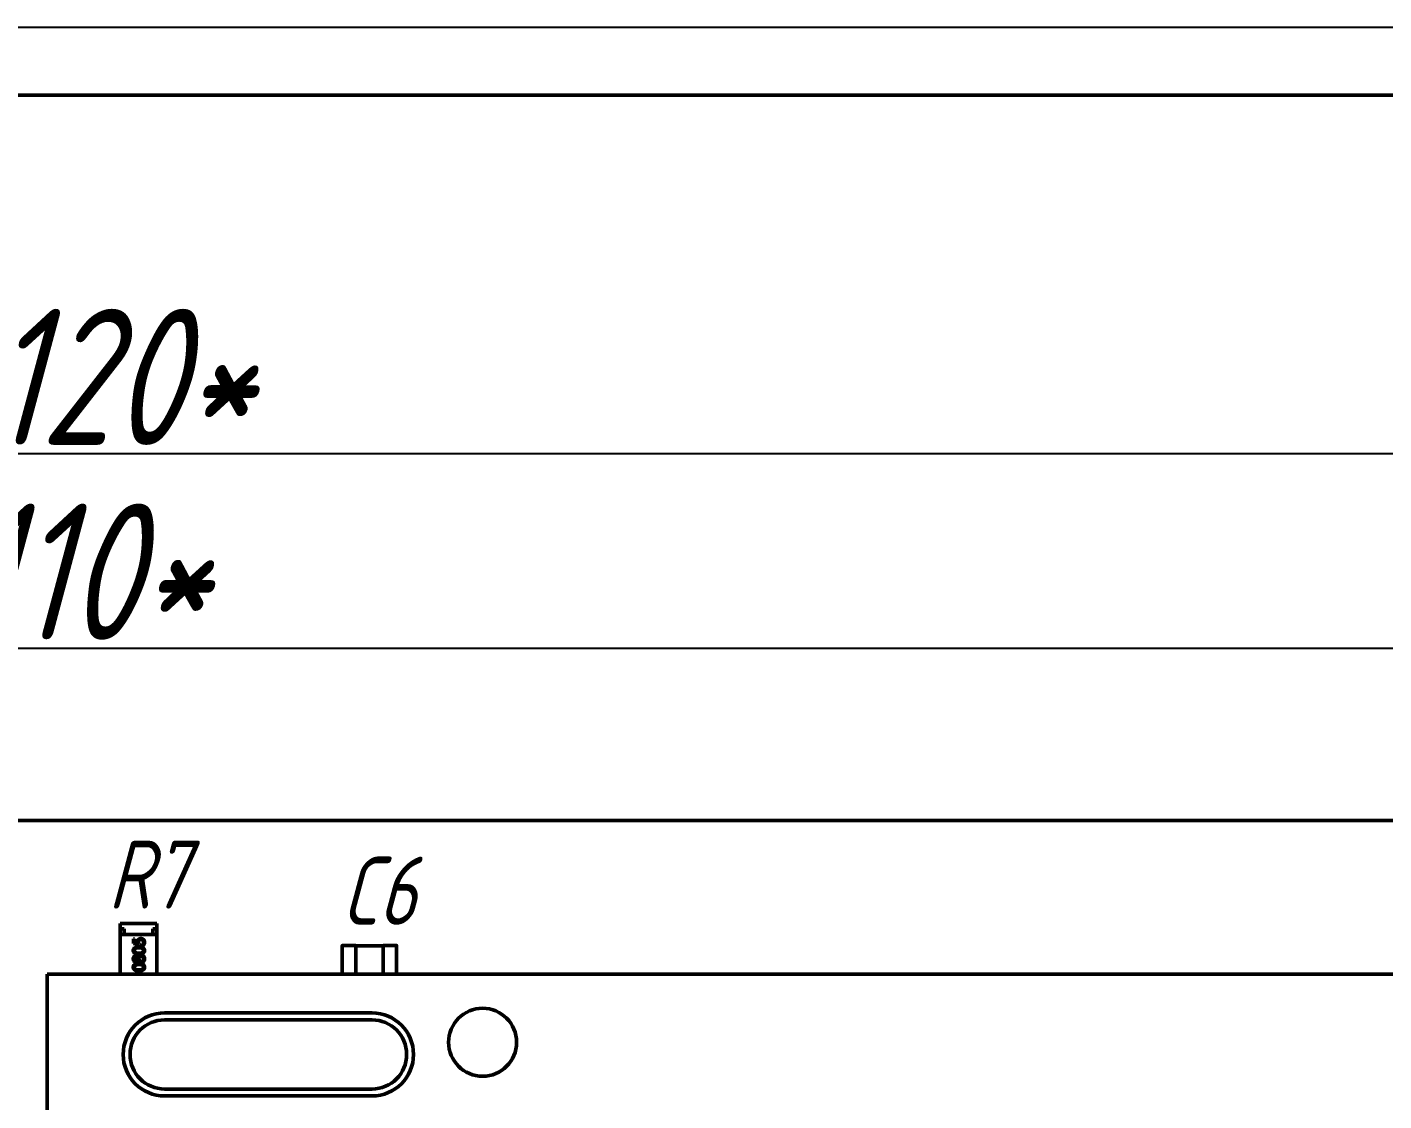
# Model space of a CAD drawing. Header units: millimetres. Extents: x -194 to 1085, y -28 to 392.
# Drawn here: x 702.8 to 802.5, y 313.1 to 392 of the extents above; entities that cross this region are included whole.
import ezdxf

# ---------------------------------------------------------------- set-up
doc = ezdxf.new("R2010")
doc.units = ezdxf.units.MM
doc.layers.add('FORM', color=5, linetype='Continuous')
for name, color, linetype, lineweight in [('Format', 7, 'Continuous', 50), ('Tonk', 7, 'Continuous', 15), ('Видимый контур (ГОСТ)', 7, 'Continuous', 50)]:
    doc.layers.add(name, color=color, linetype=linetype, lineweight=lineweight)
doc.styles.get("Standard").update_dxf_attribs({"font": '', "width": 0.8, "oblique": 15})
doc.styles.get('Standard').set_extended_font_data('GOST type B')
doc.dimstyles.new('ISO-25', dxfattribs={"dimtxt": 3.5, "dimasz": 4, "dimexe": 1.25, "dimexo": 0, "dimtad": 1, "dimtxsty": 'Standard', "dimcen": 2.5, "dimadec": 0, "dimazin": 0, "dimtfac": 1, "dimtmove": 0, "dimatfit": 3, "dimfxl": 1, "dimarcsym": 0})

# ---------------------------------------------------------------- blocks, each defined once
blk = doc.blocks.new('*D68')
at = {"layer": 'Defpoints', "color": 0, "transparency": 16777216}
for p in [(824.285, 360.635), (595.938, 324.786), (824.285, 322.368)]:
    blk.add_point(p, dxfattribs=at)
at = {"layer": 'Tonk', "color": 0, "lineweight": -2, "transparency": 16777216}
for p, q in [((595.938, 324.786), (595.938, 361.885)), ((824.285, 322.368), (824.285, 361.885)), ((599.938, 360.635), (820.285, 360.635))]:
    blk.add_line(p, q, dxfattribs=at)
at = {"layer": 'Tonk', "color": 0, "transparency": 16777216}
for points in [[(599.938, 361.301), (599.938, 359.968), (595.938, 360.635)], [(820.285, 361.301), (820.285, 359.968), (824.285, 360.635)]]:
    blk.add_solid(points, dxfattribs=at)
at = {"layer": 'Tonk', "color": 0, "transparency": 16777216, "insert": (709.652, 366.26), "char_height": 10, "attachment_point": 5}
blk.add_mtext('120*', dxfattribs=at)
blk = doc.blocks.new('*D74')
at = {"layer": 'Defpoints', "color": 0, "transparency": 16777216}
for p in [(812.928, 346.323), (601.248, 330.656), (812.928, 330.656)]:
    blk.add_point(p, dxfattribs=at)
at = {"layer": 'Tonk', "color": 0, "lineweight": -2, "transparency": 16777216}
for p, q in [((601.248, 330.656), (601.248, 347.573)), ((812.928, 330.656), (812.928, 347.573)), ((605.248, 346.323), (808.928, 346.323))]:
    blk.add_line(p, q, dxfattribs=at)
at = {"layer": 'Tonk', "color": 0, "transparency": 16777216}
for points in [[(605.248, 346.99), (605.248, 345.657), (601.248, 346.323)], [(808.928, 346.99), (808.928, 345.657), (812.928, 346.323)]]:
    blk.add_solid(points, dxfattribs=at)
at = {"layer": 'Tonk', "color": 0, "transparency": 16777216, "insert": (707.088, 351.948), "char_height": 10, "attachment_point": 5}
blk.add_mtext('110*', dxfattribs=at)

msp = doc.modelspace()

# ---------------------------------------------------------------- linework, layer by layer
at = {"layer": 'FORM', "color": 0, "ltscale": 0.01}
msp.add_lwpolyline([(490.94835, 391.95589), (1084.94835, 391.95589), (1084.94835, -28.04411), (490.94835, -28.04411)], close=True, dxfattribs=at)
at = {"layer": 'Format', "color": 0, "ltscale": 0.01}
msp.add_lwpolyline([(510.94835, -23.04411), (1079.94835, -23.04411), (1079.94835, 386.95589), (510.94835, 386.95589)], close=True, dxfattribs=at)
at = {"layer": 'Видимый контур (ГОСТ)'}
for p, q in [((604.60784, 333.6561), (810.92784, 333.6561)), ((712.35784, 326.0961), (709.65784, 326.0961)), ((709.65784, 326.0961), (709.65784, 325.6961)), ((712.35784, 326.0961), (712.35784, 325.6961)), ((709.65784, 325.6961), (709.65784, 325.2961)), ((709.95784, 325.6961), (709.65784, 325.6961)), ((709.65784, 325.2961), (712.35784, 325.2961)), ((709.65784, 325.2961), (709.65784, 322.3682)), ((709.95784, 325.2961), (709.95784, 325.6961)), ((712.05784, 325.2961), (709.95784, 325.2961)), ((712.05784, 325.6961), (712.05784, 325.2961)), ((712.35784, 325.6961), (712.05784, 325.6961)), ((712.35784, 325.2961), (712.35784, 325.6961)), ((712.35784, 325.2961), (712.35784, 322.3682)), ((710.6335, 324.63138), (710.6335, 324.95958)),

------------------------------------------------

__EXERCISE BRIEF__
Write the material out again exactly. Do not include the pictures.

__EXERCISE ANSWER__
# Model space of a CAD drawing. Header units: millimetres. Extents: x -194 to 1085, y -28 to 392.
# Drawn here: x 702.8 to 802.5, y 313.1 to 392 of the extents above; entities that cross this region are included whole.
import ezdxf

# ---------------------------------------------------------------- set-up
doc = ezdxf.new("R2010")
doc.units = ezdxf.units.MM
doc.layers.add('FORM', color=5, linetype='Continuous')
for name, color, linetype, lineweight in [('Format', 7, 'Continuous', 50), ('Tonk', 7, 'Continuous', 15), ('Видимый контур (ГОСТ)', 7, 'Continuous', 50)]:
    doc.layers.add(name, color=color, linetype=linetype, lineweight=lineweight)
doc.styles.get("Standard").update_dxf_attribs({"font": '', "width": 0.8, "oblique": 15})
doc.styles.get('Standard').set_extended_font_data('GOST type B')
doc.dimstyles.new('ISO-25', dxfattribs={"dimtxt": 3.5, "dimasz": 4, "dimexe": 1.25, "dimexo": 0, "dimtad": 1, "dimtxsty": 'Standard', "dimcen": 2.5, "dimadec": 0, "dimazin": 0, "dimtfac": 1, "dimtmove": 0, "dimatfit": 3, "dimfxl": 1, "dimarcsym": 0})

# ---------------------------------------------------------------- blocks, each defined once
blk = doc.blocks.new('*D68')
at = {"layer": 'Defpoints', "color": 0, "transparency": 16777216}
for p in [(824.285, 360.635), (595.938, 324.786), (824.285, 322.368)]:
    blk.add_point(p, dxfattribs=at)
at = {"layer": 'Tonk', "color": 0, "lineweight": -2, "transparency": 16777216}
for p, q in [((595.938, 324.786), (595.938, 361.885)), ((824.285, 322.368), (824.285, 361.885)), ((599.938, 360.635), (820.285, 360.635))]:
    blk.add_line(p, q, dxfattribs=at)
at = {"layer": 'Tonk', "color": 0, "transparency": 16777216}
for points in [[(599.938, 361.301), (599.938, 359.968), (595.938, 360.635)], [(820.285, 361.301), (820.285, 359.968), (824.285, 360.635)]]:
    blk.add_solid(points, dxfattribs=at)
at = {"layer": 'Tonk', "color": 0, "transparency": 16777216, "insert": (709.652, 366.26), "char_height": 10, "attachment_point": 5}
blk.add_mtext('120*', dxfattribs=at)
blk = doc.blocks.new('*D74')
at = {"layer": 'Defpoints', "color": 0, "transparency": 16777216}
for p in [(812.928, 346.323), (601.248, 330.656), (812.928, 330.656)]:
    blk.add_point(p, dxfattribs=at)
at = {"layer": 'Tonk', "color": 0, "lineweight": -2, "transparency": 16777216}
for p, q in [((601.248, 330.656), (601.248, 347.573)), ((812.928, 330.656), (812.928, 347.573)), ((605.248, 346.323), (808.928, 346.323))]:
    blk.add_line(p, q, dxfattribs=at)
at = {"layer": 'Tonk', "color": 0, "transparency": 16777216}
for points in [[(605.248, 346.99), (605.248, 345.657), (601.248, 346.323)], [(808.928, 346.99), (808.928, 345.657), (812.928, 346.323)]]:
    blk.add_solid(points, dxfattribs=at)
at = {"layer": 'Tonk', "color": 0, "transparency": 16777216, "insert": (707.088, 351.948), "char_height": 10, "attachment_point": 5}
blk.add_mtext('110*', dxfattribs=at)

msp = doc.modelspace()

# ---------------------------------------------------------------- linework, layer by layer
at = {"layer": 'FORM', "color": 0, "ltscale": 0.01}
msp.add_lwpolyline([(490.94835, 391.95589), (1084.94835, 391.95589), (1084.94835, -28.04411), (490.94835, -28.04411)], close=True, dxfattribs=at)
at = {"layer": 'Format', "color": 0, "ltscale": 0.01}
msp.add_lwpolyline([(510.94835, -23.04411), (1079.94835, -23.04411), (1079.94835, 386.95589), (510.94835, 386.95589)], close=True, dxfattribs=at)
at = {"layer": 'Видимый контур (ГОСТ)'}
for p, q in [((604.60784, 333.6561), (810.92784, 333.6561)), ((712.35784, 326.0961), (709.65784, 326.0961)), ((709.65784, 326.0961), (709.65784, 325.6961)), ((712.35784, 326.0961), (712.35784, 325.6961)), ((709.65784, 325.6961), (709.65784, 325.2961)), ((709.95784, 325.6961), (709.65784, 325.6961)), ((709.65784, 325.2961), (712.35784, 325.2961)), ((709.65784, 325.2961), (709.65784, 322.3682)), ((709.95784, 325.2961), (709.95784, 325.6961)), ((712.05784, 325.2961), (709.95784, 325.2961)), ((712.05784, 325.6961), (712.05784, 325.2961)), ((712.35784, 325.6961), (712.05784, 325.6961)), ((712.35784, 325.2961), (712.35784, 325.6961)), ((712.35784, 325.2961), (712.35784, 322.3682)), ((710.6335, 324.63138), (710.6335, 324.95958)),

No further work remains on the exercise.